L’exposition actuellement présentée au crédac propose une monographie de Véronique Joumard solarium et autres pièces. L’artiste française travaille sur la sensation du public et la lumière.
Si vous vivez à Paris et que vous n’avez jamais osé aller jusqu’au CREDAC, à Ivry sur Seine, de peur de vous perdre, de peur de passer trop de temps dans les transports ou pour toute autre peur ou réticence irraisonnée de la « banlieue », c’est le moment de prendre votre courage à deux mains. D’autant plus qu’il est très simple de se rendre au centre d’art, à mi-chemin entre le métro mairie d’Ivry et la station de RER Ivry sur Seine.
Une fois entré dans le CREDAC et passé le hall d’accueil pas très accueillant, on descend dans des sous-sol aux murs uniformément blancs ou gris argent. Plusieurs salles, plusieurs escaliers et la sensation qu’on pénètre dans une sorte d’ancienne usine, sans machineries pourtant. La sensation de white cube froid a une très intéressante alternative avec l’espace d’accueil au sein du centre d’art. Il propose une bibliothèque de catalogues en consultation libre insérée dans des cubes « designés » par Matthieu Mercier.
En entrant dans le centre, on passe devant un tableau gris situé sur le palier d’un escalier descendant. Je me demande immanquablement de quoi il est question avec ce monochrome un peu étrange. Puis je me place face à la toile alors qu’apparaît mon ombre portée sur la surface réfléchissante (2003), en fait tissu rétro réfléchissant sur châssis. Ma silhouette est découpée et enveloppée d’un halo lumineux, couleur jaune orangée chaude, fébrile ; elle vibre. Cette lumière provient de l’oeuvre écho (2001), spot halogène à la lumière vibrante, située en vis-à-vis de surface réfléchissante.
Dans l’espace d’accueil et de documentation, sont disposées des lentilles (2006). En employant des lentilles dites de Fresnel du nom d’un scientifique du XIXème siècle, inventeur de ces lentilles utilisées notamment dans les phares maritimes, Véronique Joumard modifie la perception de l’espace. Selon le placement du regardeur et le point de vue qu’il adopte, la lentille crée soit un effet de loupe, soit un effet de miroir, soit elle renverse la vue qu’on a de l’espace.

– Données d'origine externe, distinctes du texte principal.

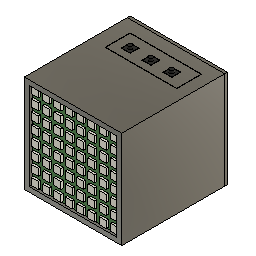
Enclosure (Autodesk Fusion 360 design; units mm, degrees)
Autodesk Fusion 360 part; units mm, degrees
sketch "Sketch1" plane through (0, 0, 0) normal (0, 1, 0) x (1, 0, 0) in component "LED Matrix"
  line L0 (32.5, 32.5) -> (-32.5, 32.5)
  line L1 (-32.5, 32.5) -> (-32.5, -32.5)
  line L2 (-32.5, -32.5) -> (32.5, -32.5)
  line L3 (32.5, -32.5) -> (32.5, 32.5)
  line L4 (32.5, 32.5) -> (-32.5, -32.5) construction
  line L5 (-32.5, 32.5) -> (32.5, -32.5) construction
  line L6 (31, 31) -> (-31, 31)
  line L7 (-31, 31) -> (-31, -31)
  line L8 (-31, -31) -> (31, -31)
  line L9 (31, -31) -> (31, 31)
  dimension "d1" = 65
  dimension "d2" = 65
  constraint parallel L0 L6
  constraint parallel L1 L7
  constraint parallel L2 L8
  constraint parallel L3 L9
  measures "d1" distance of L1.end L2.end
  measures "d2" distance of L0.end L1.end
extrude "Extrude1" add sketch "Sketch1" along normal blind 1.5 contours L0 L1 L2 L3 | L6 L7 L8 L9 makes body 1 in component "LED Matrix"
sketch "Sketch2" plane through (0, 0, 0) normal (0, -1, 0) x (1, 0, 0) in component "LED Matrix"
  line L0 (32.5, -32.5) -> (32.5, 32.5)
  line L1 (32.5, 32.5) -> (-32.5, 32.5)
  line L2 (-32.5, 32.5) -> (-32.5, -32.5)
  line L3 (-32.5, -32.5) -> (32.5, -32.5)
  line L4 (-31, -31) -> (-31, 31)
  line L5 (-31, 31) -> (31, 31)
  line L6 (31, 31) -> (31, -31)
  line L7 (31, -31) -> (-31, -31)
  line L8 (-31, 31) -> (-26, 31)
  line L9 (-26, 31) -> (-26, 26)
  line L10 (-26, 26) -> (-31, 26)
  line L11 (-31, 26) -> (-31, 31)
  line L12 (-22.8571, 31) -> (-17.8571, 31)
  line L13 (-22.8571, 26) -> (-22.8571, 31)
  line L14 (-17.8571, 26) -> (-22.8571, 26)
  line L15 (-17.8571, 31) -> (-17.8571, 26)
  line L16 (-14.7143, 31) -> (-9.7143, 31)
  line L17 (-14.7143, 26) -> (-14.7143, 31)
  line L18 (-9.7143, 26) -> (-14.7143, 26)
  line L19 (-9.7143, 31) -> (-9.7143, 26)
  line L20 (-6.5714, 31) -> (-1.5714, 31)
  line L21 (-6.5714, 26) -> (-6.5714, 31)
  line L22 (-1.5714, 26) -> (-6.5714, 26)
  line L23 (-1.5714, 31) -> (-1.5714, 26)
  line L24 (1.5714, 31) -> (6.5714, 31)
  line L25 (1.5714, 26) -> (1.5714, 31)
  line L26 (6.5714, 26) -> (1.5714, 26)
  line L27 (6.5714, 31) -> (6.5714, 26)
  line L28 (9.7143, 31) -> (14.7143, 31)
  line L29 (9.7143, 26) -> (9.7143, 31)
  line L30 (14.7143, 26) -> (9.7143, 26)
  line L31 (14.7143, 31) -> (14.7143, 26)
  line L32 (17.8571, 31) -> (22.8571, 31)
  line L33 (17.8571, 26) -> (17.8571, 31)
  line L34 (22.8571, 26) -> (17.8571, 26)
  line L35 (22.8571, 31) -> (22.8571, 26)
  line L36 (26, 31) -> (31, 31)
  line L37 (26, 26) -> (26, 31)
  line L38 (31, 26) -> (26, 26)
  line L39 (31, 31) -> (31, 26)
  line L40 (-31, 22.8571) -> (-26, 22.8571)
  line L41 (-31, 17.8571) -> (-31, 22.8571)
  line L42 (-26, 17.8571) -> (-31, 17.8571)
  line L43 (-26, 22.8571) -> (-26, 17.8571)
  line L44 (-22.8571, 22.8571) -> (-17.8571, 22.8571)
  line L45 (-22.8571, 17.8571) -> (-22.8571, 22.8571)
  line L46 (-17.8571, 17.8571) -> (-22.8571, 17.8571)
  line L47 (-17.8571, 22.8571) -> (-17.8571, 17.8571)
  line L48 (-14.7143, 22.8571) -> (-9.7143, 22.8571)
  line L49 (-14.7143, 17.8571) -> (-14.7143, 22.8571)
  line L50 (-9.7143, 17.8571) -> (-14.7143, 17.8571)
  line L51 (-9.7143, 22.8571) -> (-9.7143, 17.8571)
  line L52 (-6.5714, 22.8571) -> (-1.5714, 22.8571)
  line L53 (-6.5714, 17.8571) -> (-6.5714, 22.8571)
  line L54 (-1.5714, 17.8571) -> (-6.5714, 17.8571)
  line L55 (-1.5714, 22.8571) -> (-1.5714, 17.8571)
  line L56 (1.5714, 22.8571) -> (6.5714, 22.8571)
  line L57 (1.5714, 17.8571) -> (1.5714, 22.8571)
  line L58 (6.5714, 17.8571) -> (1.5714, 17.8571)
  line L59 (6.5714, 22.8571) -> (6.5714, 17.8571)
  line L60 (9.7143, 22.8571) -> (14.7143, 22.8571)
  line L61 (9.7143, 17.8571) -> (9.7143, 22.8571)
  line L62 (14.7143, 17.8571) -> (9.7143, 17.8571)
  line L63 (14.7143, 22.8571) -> (14.7143, 17.8571)
  line L64 (17.8571, 22.8571) -> (22.8571, 22.8571)
  line L65 (17.8571, 17.8571) -> (17.8571, 22.8571)
  line L66 (22.8571, 17.8571) -> (17.8571, 17.8571)
  line L67 (22.8571, 22.8571) -> (22.8571, 17.8571)
  line L68 (26, 22.8571) -> (31, 22.8571)
  line L69 (26, 17.8571) -> (26, 22.8571)
  line L70 (31, 17.8571) -> (26, 17.8571)
  line L71 (31, 22.8571) -> (31, 17.8571)
  line L72 (-31, 14.7143) -> (-26, 14.7143)
  line L73 (-31, 9.7143) -> (-31, 14.7143)
  line L74 (-26, 9.7143) -> (-31, 9.7143)
  line L75 (-26, 14.7143) -> (-26, 9.7143)
  line L76 (-22.8571, 14.7143) -> (-17.8571, 14.7143)
  line L77 (-22.8571, 9.7143) -> (-22.8571, 14.7143)
  line L78 (-17.8571, 9.7143) -> (-22.8571, 9.7143)
  line L79 (-17.8571, 14.7143) -> (-17.8571, 9.7143)
  line L80 (-14.7143, 14.7143) -> (-9.7143, 14.7143)
  line L81 (-14.7143, 9.7143) -> (-14.7143, 14.7143)
  line L82 (-9.7143, 9.7143) -> (-14.7143, 9.7143)
  line L83 (-9.7143, 14.7143) -> (-9.7143, 9.7143)
  line L84 (-6.5714, 14.7143) -> (-1.5714, 14.7143)
  line L85 (-6.5714, 9.7143) -> (-6.5714, 14.7143)
  line L86 (-1.5714, 9.7143) -> (-6.5714, 9.7143)
  line L87 (-1.5714, 14.7143) -> (-1.5714, 9.7143)
  line L88 (1.5714, 14.7143) -> (6.5714, 14.7143)
  line L89 (1.5714, 9.7143) -> (1.5714, 14.7143)
  line L90 (6.5714, 9.7143) -> (1.5714, 9.7143)
  line L91 (6.5714, 14.7143) -> (6.5714, 9.7143)
  line L92 (9.7143, 14.7143) -> (14.7143, 14.7143)
  line L93 (9.7143, 9.7143) -> (9.7143, 14.7143)
  line L94 (14.7143, 9.7143) -> (9.7143, 9.7143)
  line L95 (14.7143, 14.7143) -> (14.7143, 9.7143)
  line L96 (17.8571, 14.7143) -> (22.8571, 14.7143)
  line L97 (17.8571, 9.7143) -> (17.8571, 14.7143)
  line L98 (22.8571, 9.7143) -> (17.8571, 9.7143)
  line L99 (22.8571, 14.7143) -> (22.8571, 9.7143)
  line L100 (26, 14.7143) -> (31, 14.7143)
  line L101 (26, 9.7143) -> (26, 14.7143)
  line L102 (31, 9.7143) -> (26, 9.7143)
  line L103 (31, 14.7143) -> (31, 9.7143)
  line L104 (-31, 6.5714) -> (-26, 6.5714)
  line L105 (-31, 1.5714) -> (-31, 6.5714)
  line L106 (-26, 1.5714) -> (-31, 1.5714)
  line L107 (-26, 6.5714) -> (-26, 1.5714)
  line L108 (-22.8571, 6.5714) -> (-17.8571, 6.5714)
  line L109 (-22.8571, 1.5714) -> (-22.8571, 6.5714)
  line L110 (-17.8571, 1.5714) -> (-22.8571, 1.5714)
  line L111 (-17.8571, 6.5714) -> (-17.8571, 1.5714)
  line L112 (-14.7143, 6.5714) -> (-9.7143, 6.5714)
  line L113 (-14.7143, 1.5714) -> (-14.7143, 6.5714)
  line L114 (-9.7143, 1.5714) -> (-14.7143, 1.5714)
  line L115 (-9.7143, 6.5714) -> (-9.7143, 1.5714)
  line L116 (-6.5714, 6.5714) -> (-1.5714, 6.5714)
  line L117 (-6.5714, 1.5714) -> (-6.5714, 6.5714)
  line L118 (-1.5714, 1.5714) -> (-6.5714, 1.5714)
  line L119 (-1.5714, 6.5714) -> (-1.5714, 1.5714)
  line L120 (1.5714, 6.5714) -> (6.5714, 6.5714)
  line L121 (1.5714, 1.5714) -> (1.5714, 6.5714)
  line L122 (6.5714, 1.5714) -> (1.5714, 1.5714)
  line L123 (6.5714, 6.5714) -> (6.5714, 1.5714)
  line L124 (9.7143, 6.5714) -> (14.7143, 6.5714)
  line L125 (9.7143, 1.5714) -> (9.7143, 6.5714)
  line L126 (14.7143, 1.5714) -> (9.7143, 1.5714)
  line L127 (14.7143, 6.5714) -> (14.7143, 1.5714)
  line L128 (17.8571, 6.5714) -> (22.8571, 6.5714)
  line L129 (17.8571, 1.5714) -> (17.8571, 6.5714)
  line L130 (22.8571, 1.5714) -> (17.8571, 1.5714)
  line L131 (22.8571, 6.5714) -> (22.8571, 1.5714)
  line L132 (26, 6.5714) -> (31, 6.5714)
  line L133 (26, 1.5714) -> (26, 6.5714)
  line L134 (31, 1.5714) -> (26, 1.5714)
  line L135 (31, 6.5714) -> (31, 1.5714)
  line L136 (-31, -1.5714) -> (-26, -1.5714)
  line L137 (-31, -6.5714) -> (-31, -1.5714)
  line L138 (-26, -6.5714) -> (-31, -6.5714)
  line L139 (-26, -1.5714) -> (-26, -6.5714)
  line L140 (-22.8571, -1.5714) -> (-17.8571, -1.5714)
  line L141 (-22.8571, -6.5714) -> (-22.8571, -1.5714)
  line L142 (-17.8571, -6.5714) -> (-22.8571, -6.5714)
  line L143 (-17.8571, -1.5714) -> (-17.8571, -6.5714)
  line L144 (-14.7143, -1.5714) -> (-9.7143, -1.5714)
  line L145 (-14.7143, -6.5714) -> (-14.7143, -1.5714)
  line L146 (-9.7143, -6.5714) -> (-14.7143, -6.5714)
  line L147 (-9.7143, -1.5714) -> (-9.7143, -6.5714)
  line L148 (-6.5714, -1.5714) -> (-1.5714, -1.5714)
  line L149 (-6.5714, -6.5714) -> (-6.5714, -1.5714)
  line L150 (-1.5714, -6.5714) -> (-6.5714, -6.5714)
  line L151 (-1.5714, -1.5714) -> (-1.5714, -6.5714)
  line L152 (1.5714, -1.5714) -> (6.5714, -1.5714)
  line L153 (1.5714, -6.5714) -> (1.5714, -1.5714)
  line L154 (6.5714, -6.5714) -> (1.5714, -6.5714)
  line L155 (6.5714, -1.5714) -> (6.5714, -6.5714)
  line L156 (9.7143, -1.5714) -> (14.7143, -1.5714)
  line L157 (9.7143, -6.5714) -> (9.7143, -1.5714)
  line L158 (14.7143, -6.5714) -> (9.7143, -6.5714)
  line L159 (14.7143, -1.5714) -> (14.7143, -6.5714)
  line L160 (17.8571, -1.5714) -> (22.8571, -1.5714)
  line L161 (17.8571, -6.5714) -> (17.8571, -1.5714)
  line L162 (22.8571, -6.5714) -> (17.8571, -6.5714)
  line L163 (22.8571, -1.5714) -> (22.8571, -6.5714)
  line L164 (26, -1.5714) -> (31, -1.5714)
  line L165 (26, -6.5714) -> (26, -1.5714)
  line L166 (31, -6.5714) -> (26, -6.5714)
  line L167 (31, -1.5714) -> (31, -6.5714)
  line L168 (-31, -9.7143) -> (-26, -9.7143)
  line L169 (-31, -14.7143) -> (-31, -9.7143)
  line L170 (-26, -14.7143) -> (-31, -14.7143)
  line L171 (-26, -9.7143) -> (-26, -14.7143)
  line L172 (-22.8571, -9.7143) -> (-17.8571, -9.7143)
  line L173 (-22.8571, -14.7143) -> (-22.8571, -9.7143)
  line L174 (-17.8571, -14.7143) -> (-22.8571, -14.7143)
  line L175 (-17.8571, -9.7143) -> (-17.8571, -14.7143)
  line L176 (-14.7143, -9.7143) -> (-9.7143, -9.7143)
  line L177 (-14.7143, -14.7143) -> (-14.7143, -9.7143)
  line L178 (-9.7143, -14.7143) -> (-14.7143, -14.7143)
  line L179 (-9.7143, -9.7143) -> (-9.7143, -14.7143)
  line L180 (-6.5714, -9.7143) -> (-1.5714, -9.7143)
  line L181 (-6.5714, -14.7143) -> (-6.5714, -9.7143)
  line L182 (-1.5714, -14.7143) -> (-6.5714, -14.7143)
  line L183 (-1.5714, -9.7143) -> (-1.5714, -14.7143)
  line L184 (1.5714, -9.7143) -> (6.5714, -9.7143)
  line L185 (1.5714, -14.7143) -> (1.5714, -9.7143)
  line L186 (6.5714, -14.7143) -> (1.5714, -14.7143)
  line L187 (6.5714, -9.7143) -> (6.5714, -14.7143)
  line L188 (9.7143, -9.7143) -> (14.7143, -9.7143)
  line L189 (9.7143, -14.7143) -> (9.7143, -9.7143)
  line L190 (14.7143, -14.7143) -> (9.7143, -14.7143)
  line L191 (14.7143, -9.7143) -> (14.7143, -14.7143)
  line L192 (17.8571, -9.7143) -> (22.8571, -9.7143)
  line L193 (17.8571, -14.7143) -> (17.8571, -9.7143)
  line L194 (22.8571, -14.7143) -> (17.8571, -14.7143)
  line L195 (22.8571, -9.7143) -> (22.8571, -14.7143)
  line L196 (26, -9.7143) -> (31, -9.7143)
  line L197 (26, -14.7143) -> (26, -9.7143)
  line L198 (31, -14.7143) -> (26, -14.7143)
  line L199 (31, -9.7143) -> (31, -14.7143)
  line L200 (-31, -17.8571) -> (-26, -17.8571)
  line L201 (-31, -22.8571) -> (-31, -17.8571)
  line L202 (-26, -22.8571) -> (-31, -22.8571)
  line L203 (-26, -17.8571) -> (-26, -22.8571)
  line L204 (-22.8571, -17.8571) -> (-17.8571, -17.8571)
  line L205 (-22.8571, -22.8571) -> (-22.8571, -17.8571)
  line L206 (-17.8571, -22.8571) -> (-22.8571, -22.8571)
  line L207 (-17.8571, -17.8571) -> (-17.8571, -22.8571)
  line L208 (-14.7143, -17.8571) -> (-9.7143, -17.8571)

Quelques marches plus bas, dans une salle rectangulaire, descendent du plafond jusqu’au sol douze gros ressorts auxquels sont attachés des pierres meulières ressorts et pierres (1995). Ces pierres, au dégradé de couleurs du marron beige jusqu’au foncé et au gris, ne toucheront jamais le sol. Elles me font penser à des météorites en suspension dans l’espace. Par rapport au travail de Véronique Joumard et notamment à son actuelle exposition, l’élément naturel pierre possède un côté organique de l’ordre du vivant qui contraste avec les matériaux électriques et la lumière travaillée par l’artiste. Les ressorts en extension, sortes de guirlandes, bougent d’un mouvement juste perceptible, certainement dû au système d’aération de la salle, et créent ainsi une étrange impression.
Dans la pièce attenante, 4 ballons pour une pièce (2006) est une production du crédac. Au milieu de l’espace, une plate-forme rectangulaire en métal gris foncé posée au sol semble en lévitation, élevée par 4 gros ballons blancs éclairants fixés aux 4 angles de la plaque. Entre montgolfière et tapis volant, l’impossible élévation de l’installation n’ampute en rien son évanescence.
Un peu plus loin, en bas d’un escalier, Miroirs (2003) se situe dans un angle. De chaque côté de l’angle du mur, sont disposés deux miroirs de format panoramique. Placé de face à un des deux miroirs, le regardeur se reflète mais sa silhouette se dessine comme vue à travers un épais brouillard. Pour apercevoir un reflet net, il faut regarder dans le reflet du miroir perpendiculaire à soi et il n’est possible d’observer de manière nette que son bras et son épaule. Dans l’angle, quatre miroirs apparaissent alors créant des vues en perspectives mais totalement irréelles d’un espace impossible. Face à ces miroirs, j’ai longuement cherché à voir mon visage de façon nette, notamment dans les angles, mais ça m’a été impossible.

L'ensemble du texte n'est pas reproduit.